Wira mengangguk sambil tersenyum sinis. "Di Tembokto, semuanya mungkin, Mpok. Asal punya koneksi dan modal. Kalau kita mah, apalah daya. Jangan-jangan tambal ban sama jual nasi uduk juga bakal kena pajak tambahan."
Malam itu, di depan warung kopi Wira, Wagyuman membuat pengumuman. "Saya nggak peduli mau dibilang apa, tapi saya akan tetap vokal. Hukum itu harus adil, bukan buat dagelan! Kalau perlu, kita bikin gerakan tambal moral, biar Tembokto ini nggak bolong terus!"
Mpok Jumi tertawa sambil mengelap tangannya yang penuh minyak. "Tambal moral? Jangan-jangan nanti malah dianggap usaha ilegal lagi."

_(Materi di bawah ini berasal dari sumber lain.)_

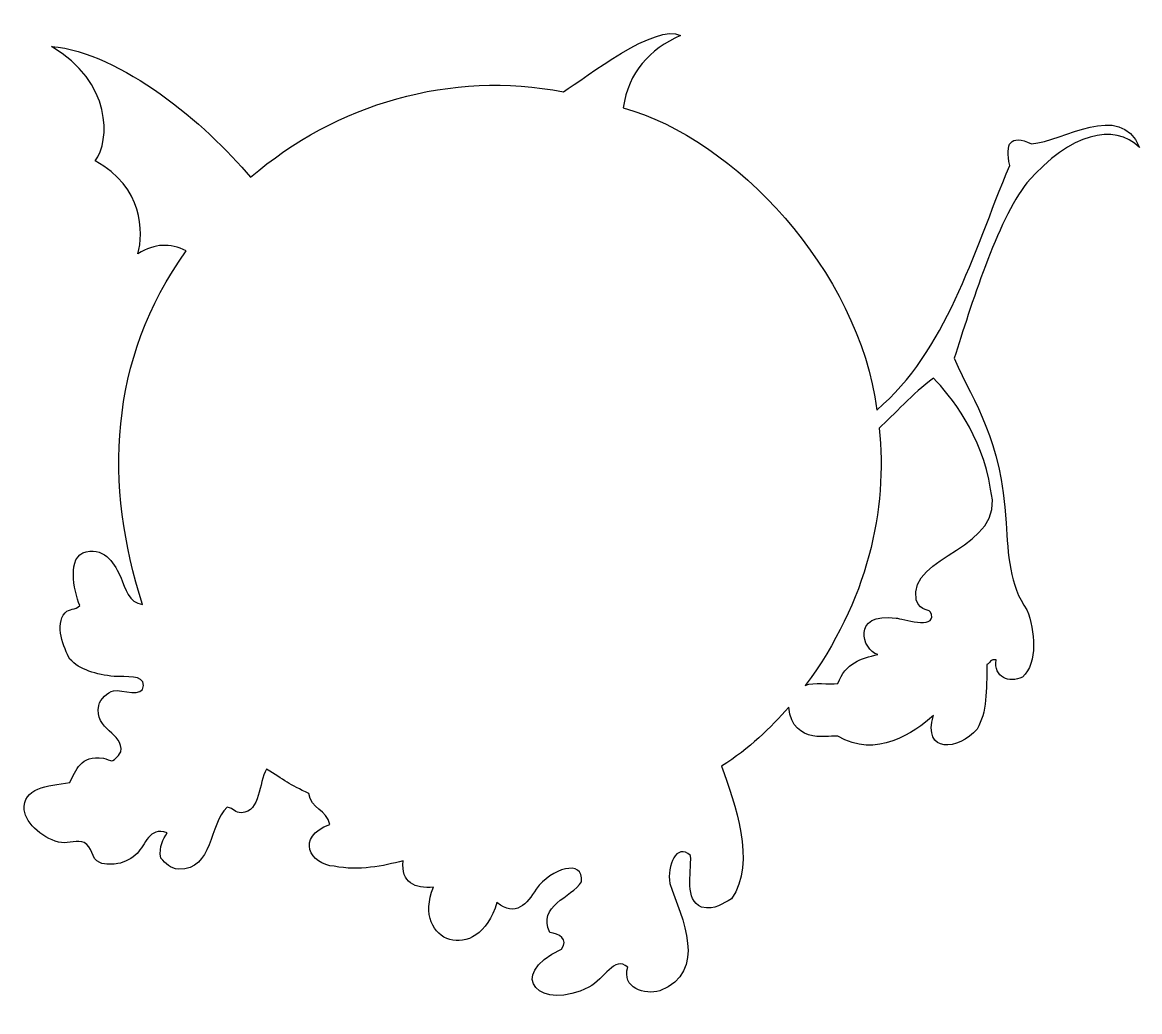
# Model space of a CAD drawing. Header units: centimetres. Extents: x -5.49 to 2.32, y 1.45 to 8.36.
import ezdxf

# ---------------------------------------------------------------- set-up
doc = ezdxf.new("R2010")
doc.units = ezdxf.units.CM
doc.header["$MEASUREMENT"] = 0
doc.layers.add('Layer 1', color=7, linetype='Continuous')

msp = doc.modelspace()

# ---------------------------------------------------------------- linework, layer by layer
at = {"layer": 'Layer 1'}
for points, knots in [([(-1.70915, 7.87481), (-2.49409, 8.0285), (-3.29935, 7.79134), (-3.89406, 7.27784), (-3.89406, 7.27784), (-4.20939, 7.6545), (-4.79869, 8.1488), (-5.28478, 8.19231), (-5.28478, 8.19231), (-4.86259, 7.94387), (-4.8732, 7.53375), (-4.97968, 7.39195), (-4.97968, 7.39195), (-4.64182, 7.21071), (-4.64186, 6.89079), (-4.6812, 6.74372), (-4.6812, 6.74372), (-4.55663, 6.81836), (-4.46105, 6.81869), (-4.34468, 6.76356), (-4.34468, 6.76356), (-4.89082, 6.00237), (-4.91514, 5.12463), (-4.64978, 4.29301), (-4.64978, 4.29301), (-4.74805, 4.30531), (-4.76609, 4.40118), (-4.80192, 4.48318), (-4.80192, 4.48318), (-4.83941, 4.56893), (-4.9045, 4.69047), (-5.04335, 4.66095), (-5.04335, 4.66095), (-5.18093, 4.63171), (-5.12851, 4.39184), (-5.088, 4.2864), (-5.088, 4.2864), (-5.11999, 4.25214), (-5.16099, 4.26721), (-5.1897, 4.23596), (-5.1897, 4.23596), (-5.26669, 4.15219), (-5.19735, 3.98823), (-5.15745, 3.91185), (-5.15745, 3.91185), (-5.08863, 3.83806), (-4.9738, 3.80214), (-4.84656, 3.79113), (-4.84656, 3.79113), (-4.7616, 3.7838), (-4.64189, 3.80562), (-4.64316, 3.72746), (-4.64316, 3.72746), (-4.64464, 3.637), (-4.79004, 3.70263), (-4.85235, 3.68943), (-4.85235, 3.68943), (-4.89492, 3.68041), (-4.94492, 3.63227), (-4.95405, 3.58856), (-4.95405, 3.58856), (-4.99048, 3.41375), (-4.77485, 3.39674), (-4.80191, 3.26445), (-4.80191, 3.26445), (-4.80495, 3.24955), (-4.841, 3.20422), (-4.86558, 3.20078), (-4.86558, 3.20078), (-4.87037, 3.20014), (-4.90377, 3.21705), (-4.92263, 3.2198), (-4.92263, 3.2198), (-5.08321, 3.24311), (-5.11316, 3.13556), (-5.15745, 3.04865), (-5.15745, 3.04865), (-5.3157, 3.02804), (-5.48876, 3.01217), (-5.47495, 2.85765), (-5.47495, 2.85765), (-5.46627, 2.76068), (-5.33147, 2.64627), (-5.2145, 2.62945), (-5.2145, 2.62945), (-5.16489, 2.62231), (-5.10319, 2.65003), (-5.05575, 2.62945), (-5.05575, 2.62945), (-4.99855, 2.60461), (-5.0119, 2.51594), (-4.94826, 2.48972), (-4.94826, 2.48972), (-4.90923, 2.47366), (-4.84789, 2.47887), (-4.82093, 2.48311), (-4.82093, 2.48311), (-4.77656, 2.49015), (-4.71861, 2.52238), (-4.68781, 2.55339), (-4.68781, 2.55339), (-4.62947, 2.6121), (-4.60382, 2.74251), (-4.4778, 2.69891), (-4.4778, 2.69891), (-4.5027, 2.6497), (-4.5356, 2.60838), (-4.52245, 2.52114), (-4.52245, 2.52114), (-4.48231, 2.48328), (-4.46064, 2.44703), (-4.39595, 2.44507), (-4.39595, 2.44507), (-4.15428, 2.43771), (-4.18566, 2.75978), (-4.05861, 2.87667), (-4.05861, 2.87667), (-4.00945, 2.87011), (-4.00417, 2.83647), (-3.95774, 2.83864), (-3.95774, 2.83864), (-3.82164, 2.84496), (-3.83941, 3.04837), (-3.78244, 3.14251), (-3.78244, 3.14251), (-3.6634, 3.07064), (-3.62005, 3.03022), (-3.48727, 2.97383), (-3.48727, 2.97383), (-3.47343, 2.8649), (-3.36112, 2.86018), (-3.34175, 2.75678), (-3.34175, 2.75678), (-3.5825, 2.66606), (-3.47997, 2.47656), (-3.3095, 2.46408), (-3.3095, 2.46408), (-3.13808, 2.43066), (-2.96743, 2.4665), (-2.82746, 2.50211), (-2.82746, 2.50211), (-2.84804, 2.34868), (-2.74389, 2.30631), (-2.61745, 2.31856), (-2.61745, 2.31856), (-2.7736, 1.92958), (-2.30527, 1.76726), (-2.17345, 2.21025), (-2.17345, 2.21025), (-2.04354, 2.10682), (-1.96195, 2.20063), (-1.89977, 2.30533), (-1.89977, 2.30533), (-1.79404, 2.44806), (-1.56667, 2.52033), (-1.58227, 2.35659), (-1.58227, 2.35659), (-1.65252, 2.2433), (-1.8939, 2.19232), (-1.80469, 2.00106), (-1.80469, 2.00106), (-1.73833, 1.99606), (-1.67187, 1.95283), (-1.72201, 1.88613), (-1.72201, 1.88613), (-2.1268, 1.69431), (-1.86153, 1.44849), (-1.53184, 1.61989), (-1.53184, 1.61989), (-1.4172, 1.67667), (-1.35749, 1.84049), (-1.25899, 1.75962), (-1.25899, 1.75962), (-1.30675, 1.61503), (-1.13709, 1.56264), (-1.03657, 1.59426), (-1.03657, 1.59426), (-0.69443, 1.72932), (-0.88138, 2.09985), (-0.96629, 2.34336), (-0.96629, 2.34336), (-0.98404, 2.47078), (-0.92189, 2.62801), (-0.82077, 2.54014), (-0.82077, 2.54014), (-0.81328, 2.40242), (-0.86583, 2.23176), (-0.7447, 2.17882), (-0.7447, 2.17882), (-0.64223, 2.15755), (-0.59962, 2.20446), (-0.53469, 2.23587), (-0.53469, 2.23587), (-0.35742, 2.49611), (-0.51276, 2.90308), (-0.60497, 3.16274), (-0.60497, 3.16274), (-0.40721, 3.28685), (-0.26412, 3.43268), (-0.13451, 3.57532), (-0.13451, 3.57532), (-0.10716, 3.30102), (0.1689, 3.38583), (0.20779, 3.37275), (0.20779, 3.37275), (0.47187, 3.21339), (0.74401, 3.39712), (0.87504, 3.51827), (0.87504, 3.51827), (0.79798, 3.24864), (1.04993, 3.27253), (1.18014, 3.42319), (1.18014, 3.42319), (1.25065, 3.53598), (1.24637, 3.69654), (1.24959, 3.87381), (1.24959, 3.87381), (1.27174, 3.88341), (1.27344, 3.91413), (1.31326, 3.90606), (1.31326, 3.90606), (1.29537, 3.78361), (1.40512, 3.7414), (1.49764, 3.78534), (1.49764, 3.78534), (1.6072, 3.88662), (1.58422, 4.11242), (1.52906, 4.25498), (1.52906, 4.25498), (1.40441, 4.43077), (1.39893, 4.6389), (1.38271, 4.86435), (1.38271, 4.86435), (1.34734, 5.46791), (1.16489, 5.67805), (1.02139, 6.01363), (1.02139, 6.01363), (1.13503, 6.37178), (1.31864, 6.97127), (1.52906, 7.23981), (1.52906, 7.23981), (1.8379, 7.59251), (2.13492, 7.65636), (2.3162, 7.48703), (2.3162, 7.48703), (2.17349, 7.81534), (1.78752, 7.52596), (1.56048, 7.51266), (1.56048, 7.51266), (1.40934, 7.57956), (1.37633, 7.51551), (1.40834, 7.36052), (1.40834, 7.36052), (1.14421, 6.72557), (0.96491, 6.06854), (0.48109, 5.65192), (0.48109, 5.65192), (0.35242, 6.62729), (-0.51223, 7.54776), (-1.2906, 7.76301), (-1.2906, 7.76301), (-1.2554, 8.01473), (-1.10715, 8.17063), (-0.89023, 8.26836), (-0.89023, 8.26836), (-1.05929, 8.36046), (-1.54889, 7.97847), (-1.70916, 7.87479), (-1.70916, 7.87479), (-1.70916, 7.87479), (-1.70915, 7.87481), (-1.70915, 7.87481)], [0, 0, 0, 0, 0.0144928, 0.0144928, 0.0144928, 0.0144928, 0.0289855, 0.0289855, 0.0289855, 0.0289855, 0.0434783, 0.0434783, 0.0434783, 0.0434783, 0.057971, 0.057971, 0.057971, 0.057971, 0.0724638, 0.0724638, 0.0724638, 0.0724638, 0.0869565, 0.0869565, 0.0869565, 0.0869565, 0.1014493, 0.1014493, 0.1014493, 0.1014493, 0.115942, 0.115942, 0.115942, 0.115942, 0.1304348, 0.1304348, 0.1304348, 0.1304348, 0.1449275, 0.1449275, 0.1449275, 0.1449275, 0.1594203, 0.1594203, 0.1594203, 0.1594203, 0.173913, 0.173913, 0.173913, 0.173913, 0.1884058, 0.1884058, 0.1884058, 0.1884058, 0.2028986, 0.2028986, 0.2028986, 0.2028986, 0.2173913, 0.2173913, 0.2173913, 0.2173913, 0.2318841, 0.2318841, 0.2318841, 0.2318841, 0.2463768, 0.2463768, 0.2463768, 0.2463768, 0.2608696, 0.2608696, 0.2608696, 0.2608696, 0.2753623, 0.2753623, 0.2753623, 0.2753623, 0.2898551, 0.2898551, 0.2898551, 0.2898551, 0.3043478, 0.3043478, 0.3043478, 0.3043478, 0.3188406, 0.3188406, 0.3188406, 0.3188406, 0.3333333, 0.3333333, 0.3333333, 0.3333333, 0.3478261, 0.3478261, 0.3478261, 0.3478261, 0.3623188, 0.3623188, 0.3623188, 0.3623188, 0.3768116, 0.3768116, 0.3768116, 0.3768116, 0.3913043, 0.3913043, 0.3913043, 0.3913043, 0.4057971, 0.4057971, 0.4057971, 0.4057971, 0.4202899, 0.4202899, 0.4202899, 0.4202899, 0.4347826, 0.4347826, 0.4347826, 0.4347826, 0.4492754, 0.4492754, 0.4492754, 0.4492754, 0.4637681, 0.4637681, 0.4637681, 0.4637681, 0.4782609, 0.4782609, 0.4782609, 0.4782609, 0.4927536, 0.4927536, 0.4927536, 0.4927536, 0.5072464, 0.5072464, 0.5072464, 0.5072464, 0.5217391, 0.5217391, 0.5217391, 0.5217391, 0.5362319, 0.5362319, 0.5362319, 0.5362319, 0.5507246, 0.5507246, 0.5507246, 0.5507246, 0.5652174, 0.5652174, 0.5652174, 0.5652174, 0.5797101, 0.5797101, 0.5797101, 0.5797101, 0.5942029, 0.5942029, 0.5942029, 0.5942029, 0.6086957, 0.6086957, 0.6086957, 0.6086957, 0.6231884, 0.6231884, 0.6231884, 0.6231884, 0.6376812, 0.6376812, 0.6376812, 0.6376812, 0.6521739, 0.6521739, 0.6521739, 0.6521739, 0.6666667, 0.6666667, 0.6666667, 0.6666667, 0.6811594, 0.6811594, 0.6811594, 0.6811594, 0.6956522, 0.6956522, 0.6956522, 0.6956522, 0.7101449, 0.7101449, 0.7101449, 0.7101449, 0.7246377, 0.7246377, 0.7246377, 0.7246377, 0.7391304, 0.7391304, 0.7391304, 0.7391304, 0.7536232, 0.7536232, 0.7536232, 0.7536232, 0.7681159, 0.7681159, 0.7681159, 0.7681159, 0.7826087, 0.7826087, 0.7826087, 0.7826087, 0.7971014, 0.7971014, 0.7971014, 0.7971014, 0.8115942, 0.8115942, 0.8115942, 0.8115942, 0.826087, 0.826087, 0.826087, 0.826087, 0.8405797, 0.8405797, 0.8405797, 0.8405797, 0.8550725, 0.8550725, 0.8550725, 0.8550725, 0.8695652, 0.8695652, 0.8695652, 0.8695652, 0.884058, 0.884058, 0.884058, 0.884058, 0.8985507, 0.8985507, 0.8985507, 0.8985507, 0.9130435, 0.9130435, 0.9130435, 0.9130435, 0.9275362, 0.9275362, 0.9275362, 0.9275362, 0.942029, 0.942029, 0.942029, 0.942029, 0.9565217, 0.9565217, 0.9565217, 0.9565217, 0.9710145, 0.9710145, 0.9710145, 0.9710145, 1, 1, 1, 1]), ([(0.87505, 5.8739), (0.99444, 5.75619), (1.21639, 5.47383), (1.27523, 5.09917), (1.27523, 5.09917), (1.39026, 4.67376), (0.69541, 4.64474), (0.75433, 4.32526), (0.75433, 4.32526), (0.78888, 4.22845), (0.85129, 4.27783), (0.86264, 4.22356), (0.86264, 4.22356), (0.88481, 4.11738), (0.65833, 4.19473), (0.61459, 4.19793), (0.61459, 4.19793), (0.29914, 4.24198), (0.37706, 3.97022), (0.48726, 3.9441), (0.48726, 3.9441), (0.36948, 3.91417), (0.26171, 3.88799), (0.20779, 3.7407), (0.20779, 3.7407), (0.13958, 3.73102), (0.04625, 3.75301), (-0.01944, 3.72811), (-0.01944, 3.72811), (0.41477, 4.30886), (0.55952, 4.96296), (0.4958, 5.52595), (0.4958, 5.52595), (0.60031, 5.61887), (0.73038, 5.76639), (0.87504, 5.8739), (0.87504, 5.8739), (0.87504, 5.8739), (0.87505, 5.8739), (0.87505, 5.8739)], [0, 0, 0, 0, 0.0909091, 0.0909091, 0.0909091, 0.0909091, 0.1818182, 0.1818182, 0.1818182, 0.1818182, 0.2727273, 0.2727273, 0.2727273, 0.2727273, 0.3636364, 0.3636364, 0.3636364, 0.3636364, 0.4545455, 0.4545455, 0.4545455, 0.4545455, 0.5454545, 0.5454545, 0.5454545, 0.5454545, 0.6363636, 0.6363636, 0.6363636, 0.6363636, 0.7272727, 0.7272727, 0.7272727, 0.7272727, 0.8181818, 0.8181818, 0.8181818, 0.8181818, 1, 1, 1, 1])]:
    msp.add_open_spline(points, degree=3, knots=knots, dxfattribs=at)

doc.saveas('drawing.dxf')

Dan begitulah, Negeri Tembokto kembali menjadi cermin retak dari realitas yang sulit dipahami. Di negeri ini, tambal ban lebih banyak tantangannya dibanding tambal kasus. Tapi siapa tahu, di tangan Wagyuman, tambal ban bisa jadi awal revolusi moral yang tak terduga.***
Catatan: Artikel ini hanyalah fiksi satire belaka. Kalau mirip kenyataan, ya memang kenyataan kita suka terlalu lucu untuk jadi nyata.